Experience shows that the second hash function must meet the following conditions:
Different from the first Hash Function
You cannot enter 0 (otherwise, there is no step size. Every time the probe is done, it is a static step and an endless loop .)
Stepsize = constant-(Key % constant), where constant is a prime number and smaller than the array capacity.

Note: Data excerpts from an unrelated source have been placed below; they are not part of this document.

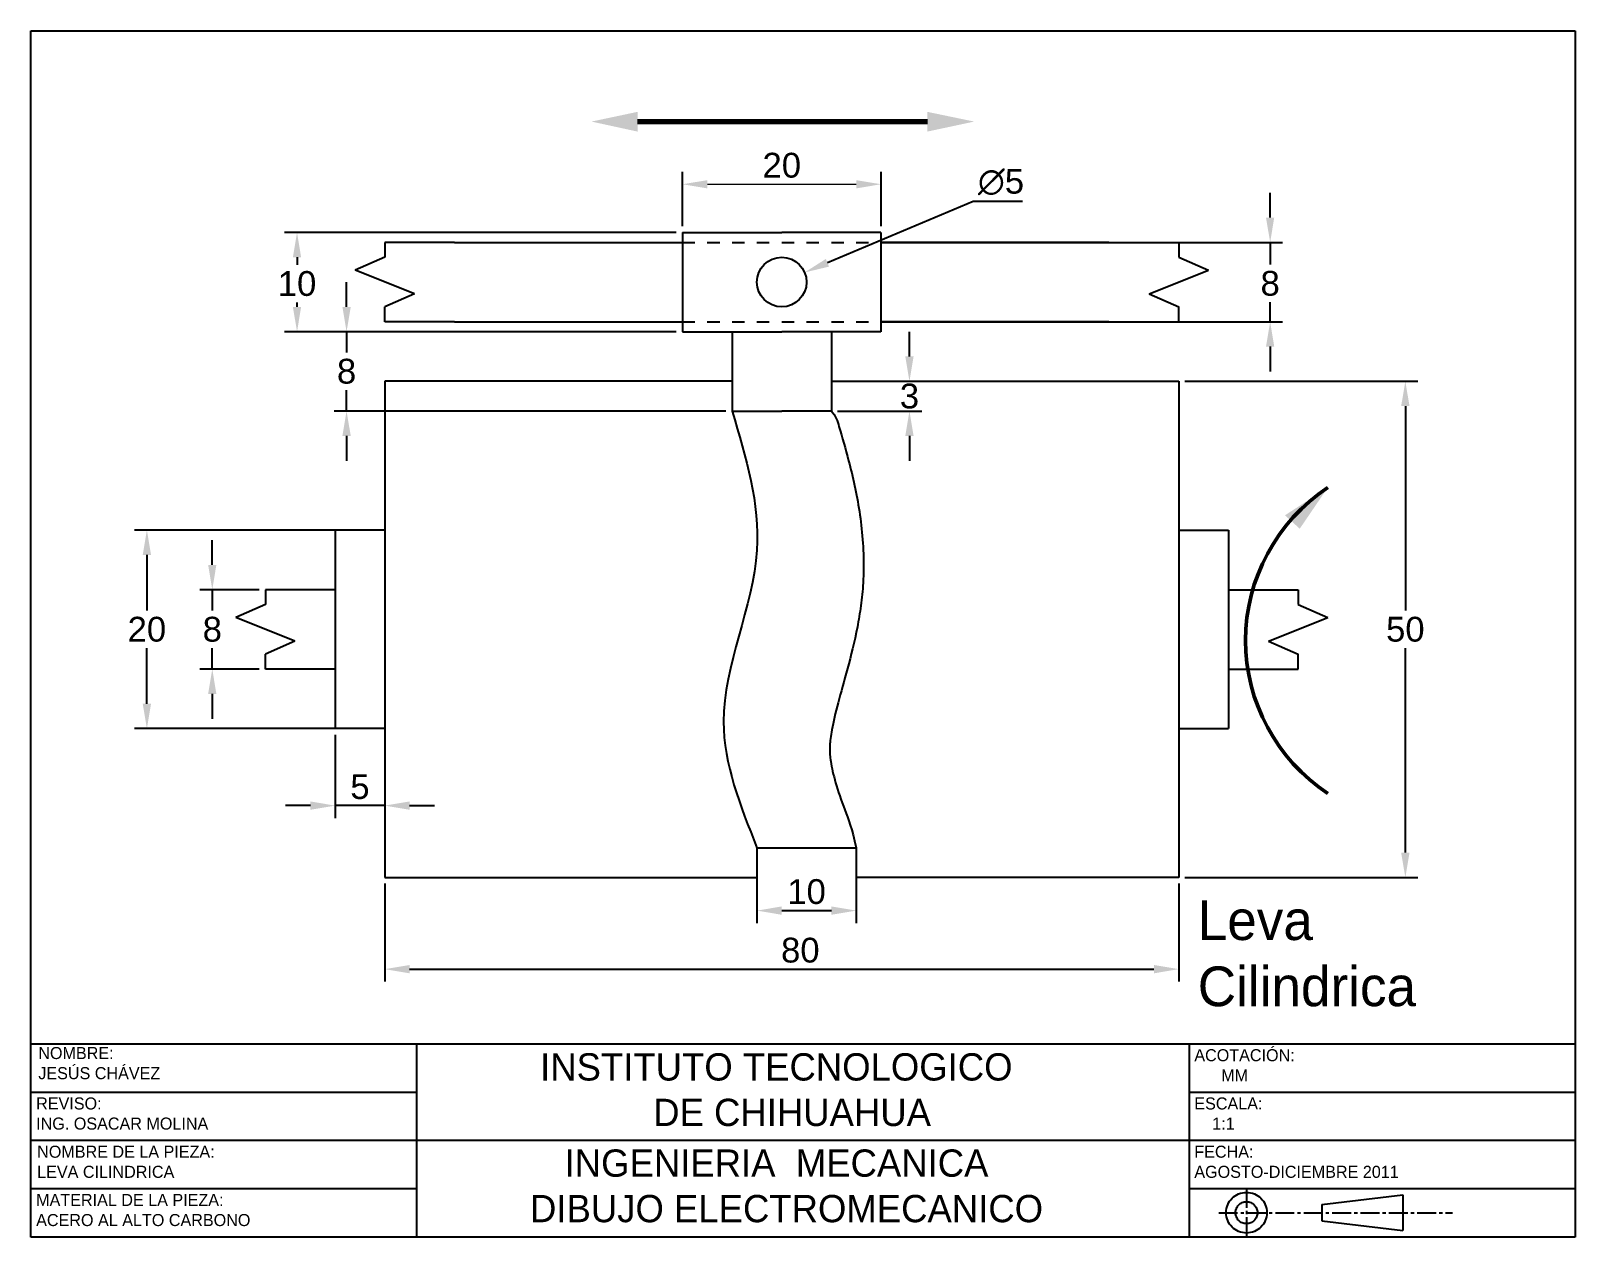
# Model space of a CAD drawing. Header units: millimetres. Extents: x 2096 to 2251, y 1110 to 1231.
import ezdxf

# ---------------------------------------------------------------- set-up
doc = ezdxf.new("R2010")
doc.units = ezdxf.units.MM
doc.linetypes.add('CENTER2', pattern=[28.575, 19.05, -3.175, 3.175, -3.175])
doc.linetypes.add('JIS_02_1.2', pattern=[2.5, 1.25, -1.25])
doc.styles.add('Annotative', font='arial.ttf')
doc.styles.get("Standard").update_dxf_attribs({"font": 'arial.ttf'})
doc.dimstyles.new('ISO-25', dxfattribs={"dimtxt": 2.5, "dimasz": 2.5, "dimexe": 1.25, "dimexo": 0.625, "dimtad": 1, "dimtih": 1, "dimtoh": 1, "dimtxsty": 'Standard', "dimcen": 0, "dimadec": 0, "dimazin": 0, "dimtfac": 1, "dimtmove": 0, "dimatfit": 3, "dimfxl": 1, "dimlwd": 90, "dimarcsym": 0})

# ---------------------------------------------------------------- blocks, each defined once
blk = doc.blocks.new('*D1')
at = {"color": 0, "lineweight": -2, "transparency": 16777216}
for p, q in [((2131.31, 1145.38), (2131.31, 1135.51)), ((2211.31, 1145.38), (2211.31, 1135.51))]:
    blk.add_line(p, q, dxfattribs=at)
at = {"color": 0, "transparency": 16777216}
blk.add_line((2133.81, 1136.76), (2208.81, 1136.76), dxfattribs=at)
for points in [[(2133.81, 1137.18), (2133.81, 1136.34), (2131.31, 1136.76)], [(2208.81, 1137.18), (2208.81, 1136.34), (2211.31, 1136.76)]]:
    blk.add_solid(points, dxfattribs=at)
at = {"layer": 'Defpoints', "color": 0, "transparency": 16777216}
for p in [(2131.31, 1146), (2211.31, 1146), (2211.31, 1136.76)]:
    blk.add_point(p, dxfattribs=at)
at = {"color": 0, "transparency": 16777216, "insert": (2173.18, 1138.66), "char_height": 2.5, "attachment_point": 5}
blk.add_mtext('80', dxfattribs=at)
blk = doc.blocks.new('*D2')
at = {"color": 0, "lineweight": -2, "transparency": 16777216}
for p, q in [((2161.31, 1211.63), (2161.31, 1217.11)), ((2181.31, 1211.63), (2181.31, 1217.11))]:
    blk.add_line(p, q, dxfattribs=at)
at = {"color": 0, "lineweight": 15, "transparency": 16777216}
blk.add_line((2163.81, 1215.86), (2178.81, 1215.86), dxfattribs=at)
at = {"color": 0, "transparency": 16777216}
for points in [[(2163.81, 1216.27), (2163.81, 1215.44), (2161.31, 1215.86)], [(2178.81, 1216.27), (2178.81, 1215.44), (2181.31, 1215.86)]]:
    blk.add_solid(points, dxfattribs=at)
at = {"layer": 'Defpoints', "color": 0, "transparency": 16777216}
for p in [(2181.31, 1215.86), (2161.31, 1211), (2181.31, 1211)]:
    blk.add_point(p, dxfattribs=at)
at = {"color": 0, "transparency": 16777216, "insert": (2171.31, 1217.76), "char_height": 2.5, "attachment_point": 5}
blk.add_mtext('20', dxfattribs=at)
blk = doc.blocks.new('*D3')
at = {"color": 0, "lineweight": -2, "transparency": 16777216}
for p, q in [((2160.68, 1211), (2121.22, 1211)), ((2160.68, 1201), (2121.22, 1201))]:
    blk.add_line(p, q, dxfattribs=at)
at = {"color": 0, "transparency": 16777216}
for p, q in [((2122.47, 1208.5), (2122.47, 1207.74)), ((2122.47, 1203.5), (2122.47, 1203.94))]:
    blk.add_line(p, q, dxfattribs=at)
for points in [[(2122.05, 1208.5), (2122.88, 1208.5), (2122.47, 1211)], [(2122.05, 1203.5), (2122.88, 1203.5), (2122.47, 1201)]]:
    blk.add_solid(points, dxfattribs=at)
at = {"layer": 'Defpoints', "color": 0, "transparency": 16777216}
for p in [(2161.31, 1211), (2122.47, 1201), (2161.31, 1201)]:
    blk.add_point(p, dxfattribs=at)
at = {"color": 0, "transparency": 16777216, "insert": (2122.47, 1205.84), "char_height": 2.5, "attachment_point": 5}
blk.add_mtext('10', dxfattribs=at)
blk = doc.blocks.new('*D4')
at = {"color": 0, "transparency": 16777216}
for p, q in [((2127.46, 1203.5), (2127.46, 1206)), ((2127.46, 1201), (2127.46, 1198.9)), ((2127.46, 1193), (2127.46, 1195.1)), ((2127.46, 1190.5), (2127.46, 1188))]:
    blk.add_line(p, q, dxfattribs=at)
at = {"color": 0, "lineweight": -2, "transparency": 16777216}
for p, q in [((2160.68, 1201), (2126.21, 1201)), ((2165.68, 1193), (2126.21, 1193))]:
    blk.add_line(p, q, dxfattribs=at)
at = {"color": 0, "transparency": 16777216}
for points in [[(2127.04, 1203.5), (2127.88, 1203.5), (2127.46, 1201)], [(2127.04, 1190.5), (2127.88, 1190.5), (2127.46, 1193)]]:
    blk.add_solid(points, dxfattribs=at)
at = {"layer": 'Defpoints', "color": 0, "transparency": 16777216}
for p in [(2161.31, 1201), (2127.46, 1193), (2166.31, 1193)]:
    blk.add_point(p, dxfattribs=at)
at = {"color": 0, "transparency": 16777216, "insert": (2127.46, 1197), "char_height": 2.5, "attachment_point": 5}
blk.add_mtext('8', dxfattribs=at)
blk = doc.blocks.new('*D5')
at = {"color": 0, "lineweight": -2, "transparency": 16777216}
for p, q in [((2130.68, 1181), (2106.09, 1181)), ((2130.68, 1161), (2106.09, 1161))]:
    blk.add_line(p, q, dxfattribs=at)
at = {"color": 0, "transparency": 16777216}
for p, q in [((2107.34, 1178.5), (2107.34, 1172.9)), ((2107.34, 1163.5), (2107.34, 1169.1))]:
    blk.add_line(p, q, dxfattribs=at)
for points in [[(2106.92, 1178.5), (2107.76, 1178.5), (2107.34, 1181)], [(2106.92, 1163.5), (2107.76, 1163.5), (2107.34, 1161)]]:
    blk.add_solid(points, dxfattribs=at)
at = {"layer": 'Defpoints', "color": 0, "transparency": 16777216}
for p in [(2131.31, 1181), (2107.34, 1161), (2131.31, 1161)]:
    blk.add_point(p, dxfattribs=at)
at = {"color": 0, "transparency": 16777216, "insert": (2107.34, 1171), "char_height": 2.5, "attachment_point": 5}
blk.add_mtext('20', dxfattribs=at)
blk = doc.blocks.new('*D6')
at = {"color": 0, "transparency": 16777216}
for p, q in [((2113.93, 1177.5), (2113.93, 1180)), ((2113.93, 1175), (2113.93, 1172.9)), ((2113.93, 1167), (2113.93, 1169.1)), ((2113.93, 1164.5), (2113.93, 1162))]:
    blk.add_line(p, q, dxfattribs=at)
at = {"color": 0, "lineweight": -2, "transparency": 16777216}
for p, q in [((2118.65, 1175), (2112.68, 1175)), ((2118.65, 1167), (2112.68, 1167))]:
    blk.add_line(p, q, dxfattribs=at)
at = {"color": 0, "transparency": 16777216}
for points in [[(2113.51, 1177.5), (2114.34, 1177.5), (2113.93, 1175)], [(2113.51, 1164.5), (2114.34, 1164.5), (2113.93, 1167)]]:
    blk.add_solid(points, dxfattribs=at)
at = {"layer": 'Defpoints', "color": 0, "transparency": 16777216}
for p in [(2119.27, 1175), (2113.93, 1167), (2119.27, 1167)]:
    blk.add_point(p, dxfattribs=at)
at = {"color": 0, "transparency": 16777216, "insert": (2113.93, 1171), "char_height": 2.5, "attachment_point": 5}
blk.add_mtext('8', dxfattribs=at)
blk = doc.blocks.new('*D7')
at = {"color": 0, "lineweight": -2, "transparency": 16777216}
for p, q in [((2126.31, 1160.38), (2126.31, 1151.99)), ((2131.31, 1160.38), (2131.31, 1151.99))]:
    blk.add_line(p, q, dxfattribs=at)
at = {"color": 0, "transparency": 16777216}
for p, q in [((2123.81, 1153.24), (2121.31, 1153.24)), ((2131.31, 1153.24), (2126.31, 1153.24)), ((2133.81, 1153.24), (2136.31, 1153.24))]:
    blk.add_line(p, q, dxfattribs=at)
for points in [[(2123.81, 1153.66), (2123.81, 1152.82), (2126.31, 1153.24)], [(2133.81, 1153.66), (2133.81, 1152.82), (2131.31, 1153.24)]]:
    blk.add_solid(points, dxfattribs=at)
at = {"layer": 'Defpoints', "color": 0, "transparency": 16777216}
for p in [(2126.31, 1161), (2131.31, 1161), (2126.31, 1153.24)]:
    blk.add_point(p, dxfattribs=at)
at = {"color": 0, "transparency": 16777216, "insert": (2128.81, 1155.14), "char_height": 2.5, "attachment_point": 5}
blk.add_mtext('5', dxfattribs=at)
blk = doc.blocks.new('*D8')
at = {"color": 0, "lineweight": -2, "transparency": 16777216}
for p, q in [((2168.81, 1148.38), (2168.81, 1141.41)), ((2178.81, 1148.38), (2178.81, 1141.41))]:
    blk.add_line(p, q, dxfattribs=at)
at = {"color": 0, "transparency": 16777216}
blk.add_line((2171.31, 1142.66), (2176.31, 1142.66), dxfattribs=at)
for points in [[(2171.31, 1143.08), (2171.31, 1142.24), (2168.81, 1142.66)], [(2176.31, 1143.08), (2176.31, 1142.24), (2178.81, 1142.66)]]:
    blk.add_solid(points, dxfattribs=at)
at = {"layer": 'Defpoints', "color": 0, "transparency": 16777216}
for p in [(2168.81, 1149), (2178.81, 1149), (2178.81, 1142.66)]:
    blk.add_point(p, dxfattribs=at)
at = {"color": 0, "transparency": 16777216, "insert": (2173.81, 1144.56), "char_height": 2.5, "attachment_point": 5}
blk.add_mtext('10', dxfattribs=at)
blk = doc.blocks.new('*D9')
at = {"color": 0, "lineweight": -2, "transparency": 16777216}
for p, q in [((2211.93, 1196), (2235.39, 1196)), ((2211.93, 1146), (2235.39, 1146))]:
    blk.add_line(p, q, dxfattribs=at)
at = {"color": 0, "transparency": 16777216}
for p, q in [((2234.14, 1193.5), (2234.14, 1172.9)), ((2234.14, 1148.5), (2234.14, 1169.1))]:
    blk.add_line(p, q, dxfattribs=at)
for points in [[(2233.72, 1193.5), (2234.56, 1193.5), (2234.14, 1196)], [(2233.72, 1148.5), (2234.56, 1148.5), (2234.14, 1146)]]:
    blk.add_solid(points, dxfattribs=at)
at = {"layer": 'Defpoints', "color": 0, "transparency": 16777216}
for p in [(2211.31, 1196), (2211.31, 1146), (2234.14, 1146)]:
    blk.add_point(p, dxfattribs=at)
at = {"color": 0, "transparency": 16777216, "insert": (2234.14, 1171), "char_height": 2.5, "attachment_point": 5}
blk.add_mtext('50', dxfattribs=at)
blk = doc.blocks.new('*D10')
at = {"color": 0, "transparency": 16777216}
for p, q in [((2220.52, 1212.5), (2220.52, 1215)), ((2220.52, 1210), (2220.52, 1207.76)), ((2220.52, 1202), (2220.52, 1203.96)), ((2220.52, 1199.5), (2220.52, 1197))]:
    blk.add_line(p, q, dxfattribs=at)
at = {"color": 0, "lineweight": -2, "transparency": 16777216}
for p, q in [((2181.93, 1210), (2221.77, 1210)), ((2181.93, 1202), (2221.77, 1202))]:
    blk.add_line(p, q, dxfattribs=at)
at = {"color": 0, "transparency": 16777216}
for points in [[(2220.1, 1212.5), (2220.93, 1212.5), (2220.52, 1210)], [(2220.1, 1199.5), (2220.93, 1199.5), (2220.52, 1202)]]:
    blk.add_solid(points, dxfattribs=at)
at = {"layer": 'Defpoints', "color": 0, "transparency": 16777216}
for p in [(2181.31, 1210), (2220.52, 1210), (2181.31, 1202)]:
    blk.add_point(p, dxfattribs=at)
at = {"color": 0, "transparency": 16777216, "insert": (2220.52, 1205.86), "char_height": 2.5, "attachment_point": 5}
blk.add_mtext('8', dxfattribs=at)
blk = doc.blocks.new('*D11')
at = {"color": 0, "transparency": 16777216}
for p, q in [((2190.58, 1214.11), (2175.91, 1207.94)), ((2195.58, 1214.11), (2190.58, 1214.11))]:
    blk.add_line(p, q, dxfattribs=at)
blk.add_solid([(2175.75, 1208.33), (2176.08, 1207.56), (2173.61, 1206.97)], dxfattribs=at)
at = {"layer": 'Defpoints', "color": 0, "transparency": 16777216}
for p in [(2173.61, 1206.97), (2169, 1205.03)]:
    blk.add_point(p, dxfattribs=at)
at = {"color": 0, "transparency": 16777216, "insert": (2193.4, 1216.08), "char_height": 2.5, "attachment_point": 5}
blk.add_mtext('∅5', dxfattribs=at)

msp = doc.modelspace()

# ---------------------------------------------------------------- linework, layer by layer
for p, q in [((2095.652, 1231.314), (2251.247, 1231.314)), ((2095.652, 1109.756), (2095.652, 1231.314)), ((2251.247, 1231.314), (2251.247, 1109.756)), ((2161.306, 1211.002), (2171.306, 1211.002)), ((2161.306, 1211.002), (2161.306, 1201.002)), ((2181.306, 1211.002), (2171.306, 1211.002)), ((2181.306, 1211.002), (2181.306, 1201.002)), ((2138.336, 1210.002), (2131.306, 1210.002)), ((2131.306, 1210.002), (2131.306, 1208.502)), ((2138.336, 1210.002), (2161.306, 1210.002)), ((2181.306, 1210.002), (2188.336, 1210.002)), ((2204.275, 1210.002), (2181.306, 1210.002)), ((2204.275, 1210.002), (2211.306, 1210.002)), ((2211.306, 1210.002), (2211.306, 1208.502)), ((2131.306, 1208.502), (2128.32, 1207.201)), ((2211.306, 1208.502), (2214.292, 1207.201)), ((2134.292, 1204.802), (2128.32, 1207.201)), ((2208.32, 1204.802), (2214.292, 1207.201)), ((2134.292, 1204.802), (2131.306, 1203.502)), ((2208.32, 1204.802), (2211.306, 1203.502)), ((2131.306, 1202.002), (2131.306, 1203.502)), ((2211.306, 1202.002), (2211.306, 1203.502)), ((2138.336, 1202.002), (2131.306, 1202.002)), ((2138.336, 1202.002), (2161.306, 1202.002)), ((2181.306, 1202.002), (2188.336, 1202.002)), ((2204.275, 1202.002), (2181.306, 1202.002)), ((2204.275, 1202.002), (2211.306, 1202.002)), ((2161.306, 1201.002), (2171.306, 1201.002)), ((2166.306, 1201.002), (2166.306, 1193.002)), ((2181.306, 1201.002), (2171.306, 1201.002)), ((2176.306, 1201.002), (2176.306, 1193.002)), ((2184.176, 1198.502), (2184.176, 1201.002)), ((2161.306, 1196.002), (2131.306, 1196.002)), ((2131.306, 1196.002), (2131.306, 1146.002)), ((2166.306, 1196.002), (2161.306, 1196.002)), ((2176.306, 1196.002), (2181.306, 1196.002)), ((2176.931, 1196.002), (2185.426, 1196.002)), ((2181.306, 1196.002), (2211.306, 1196.002)), ((2211.306, 1196.002), (2211.306, 1146.002)), ((2166.306, 1193.002), (2171.306, 1193.002)), ((2176.306, 1193.002), (2171.306, 1193.002)), ((2176.931, 1193.002), (2185.426, 1193.002)), ((2184.176, 1190.502), (2184.176, 1188.002)), ((2131.306, 1181.002), (2126.306, 1181.002)), ((2126.306, 1181.002), (2126.306, 1161.002)), ((2211.306, 1181.002), (2216.306, 1181.002)), ((2216.306, 1181.002), (2216.306, 1161.002)), ((2126.306, 1175.002), (2119.275, 1175.002)), ((2119.275, 1175.002), (2119.275, 1173.502)), ((2216.306, 1175.002), (2223.336, 1175.002)), ((2223.336, 1175.002), (2223.336, 1173.502)), ((2119.275, 1173.502), (2116.289, 1172.201)), ((2223.336, 1173.502), (2226.322, 1172.201)), ((2122.261, 1169.802), (2116.289, 1172.201)), ((2220.35, 1169.802), (2226.322, 1172.201)), ((2122.261, 1169.802), (2119.275, 1168.502)), ((2220.35, 1169.802), (2223.336, 1168.502)), ((2119.275, 1167.002), (2119.275, 1168.502)), ((2126.306, 1167.002), (2119.275, 1167.002)), ((2216.306, 1167.002), (2223.336, 1167.002)), ((2223.336, 1167.002), (2223.336, 1168.502)), ((2131.306, 1161.002), (2126.306, 1161.002)), ((2211.306, 1161.002), (2216.306, 1161.002)), ((2168.806, 1149.002), (2178.806, 1149.002)), ((2168.806, 1149.002), (2168.806, 1146.002)), ((2178.806, 1149.002), (2178.806, 1146.002)), ((2131.306, 1146.002), (2168.806, 1146.002)), ((2211.306, 1146.002), (2178.806, 1146.002)), ((2251.247, 1129.205), (2095.652, 1129.205)), ((2134.55, 1109.756), (2134.55, 1129.205)), ((2212.348, 1129.205), (2212.348, 1109.756)), ((2134.55, 1124.343), (2095.652, 1124.343)), ((2251.247, 1124.343), (2212.348, 1124.343)), ((2251.247, 1119.48), (2095.652, 1119.48)), ((2134.55, 1114.618), (2095.652, 1114.618)), ((2251.247, 1114.618), (2212.348, 1114.618)), ((2225.741, 1113.056), (2233.873, 1114.018)), ((2225.741, 1113.056), (2225.741, 1111.383)), ((2233.873, 1114.018), (2233.873, 1110.42)), ((2225.741, 1111.383), (2233.873, 1110.42)), ((2251.247, 1109.756), (2095.652, 1109.756))]:
    msp.add_line(p, q)
at = {"lineweight": 70}
msp.add_line((2185.983, 1222.16), (2156.775, 1222.16), dxfattribs=at)
at = {"linetype": 'JIS_02_1.2'}
for p, q in [((2161.306, 1210.002), (2181.306, 1210.002)), ((2161.306, 1202.002), (2181.306, 1202.002))]:
    msp.add_line(p, q, dxfattribs=at)
at = {"linetype": 'CENTER2', "ltscale": 0.1}
for p, q in [((2218.133, 1114.618), (2218.133, 1109.756)), ((2215.334, 1112.219), (2238.906, 1112.219))]:
    msp.add_line(p, q, dxfattribs=at)
at = {"linetype": 'CENTER2'}
msp.add_line((2218.133, 1112.219), (2218.133, 1112.219), dxfattribs=at)
msp.add_line((2218.133, 1112.219), (2218.133, 1112.219), dxfattribs=at)
msp.add_line((2218.133, 1112.219), (2218.133, 1112.219), dxfattribs=at)
msp.add_circle((2171.306, 1206.002), 2.5)
for radius in [2.049, 1.108]:
    msp.add_circle((2218.133, 1112.219), radius, dxfattribs=at)
at = {"lineweight": 50}
msp.add_arc((2236.509, 1169.882), 18.468, 123.47534, 236.52466, dxfattribs=at)
for points, knots in [([(2166.306, 1193.002), (2167.709, 1188.332), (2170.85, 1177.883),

Example: stepsize = 5-key % 5;
public class HashTable2 { private DataItem[] itemArray; private int arraySize; private DataItem nonItem; // for deleted items public HashTable2(int size) { this.arraySize = size; itemArray = new DataItem[arraySize]; nonItem = new DataItem(-1); } public void display() { for (DataItem data : itemArray) { if (data != null) { data.printf(); } } } public int hashFuc1(int key) { return key % arraySize; } public int hashFuc2(int key) { /* * non-zero, less than array size, different from hashFuc1. array size * must be relatively prime to 5, 4, 3, 2 */ return 5 - key % 5; } public void insert(DataItem item) { int key = item.getKey(); int hashVal = hashFuc1(key); int stepSize = hashFuc2(key); DataItem tItem; while ((tItem = itemArray[hashVal]) != null && tItem.getKey() != -1) { if (tItem.getKey() == key) { itemArray[hashVal] = item; return; } hashVal += stepSize; // add the step hashVal %= arraySize; // wraparound if necessary } itemArray[hashVal] = item; } public DataItem delete(int key) { int hashVal = hashFuc1(key); int stepSize = hashFuc2(key); DataItem item; while ((item = itemArray[hashVal]) != null) { // until empty cell if (item.getKey() == key) { itemArray[hashVal] = nonItem; return item; } hashVal += stepSize; hashVal %= arraySize; } return null; } public DataItem find(int key) { int hashVal = hashFuc1(key); int stepSize = hashFuc2(key); DataItem item; while ((item = itemArray[hashVal]) != null) { // until empty cell if (item.getKey() == key) { return item; } hashVal += stepSize; hashVal %= arraySize; } return null; }}
The table capacity must be a prime number.
The hash method requires that the table capacity is a prime number. Why is there such a limit? Suppose the table capacity is not a prime number, the table length is 15 (coordinates 0-14), there is a special keyword ing to 0, the step size is 5, the probe sequence is 0, 5, 10, 0, 5 ......, The algorithm will only try these three units until the loop goes on. It is impossible to find other blank units and the algorithm crashes.
If the array capacity is 13, that is, a prime number, the probe sequence accesses all units. That is, 0, 5, 10, 2, 7, 12, 4, 9, 1, 6, 11, and 3. Keep going, as long as there is a blank space in the table, you can detect it. Using the prime number as the array capacity makes it impossible to divide any number, so the probe sequence will eventually check all units.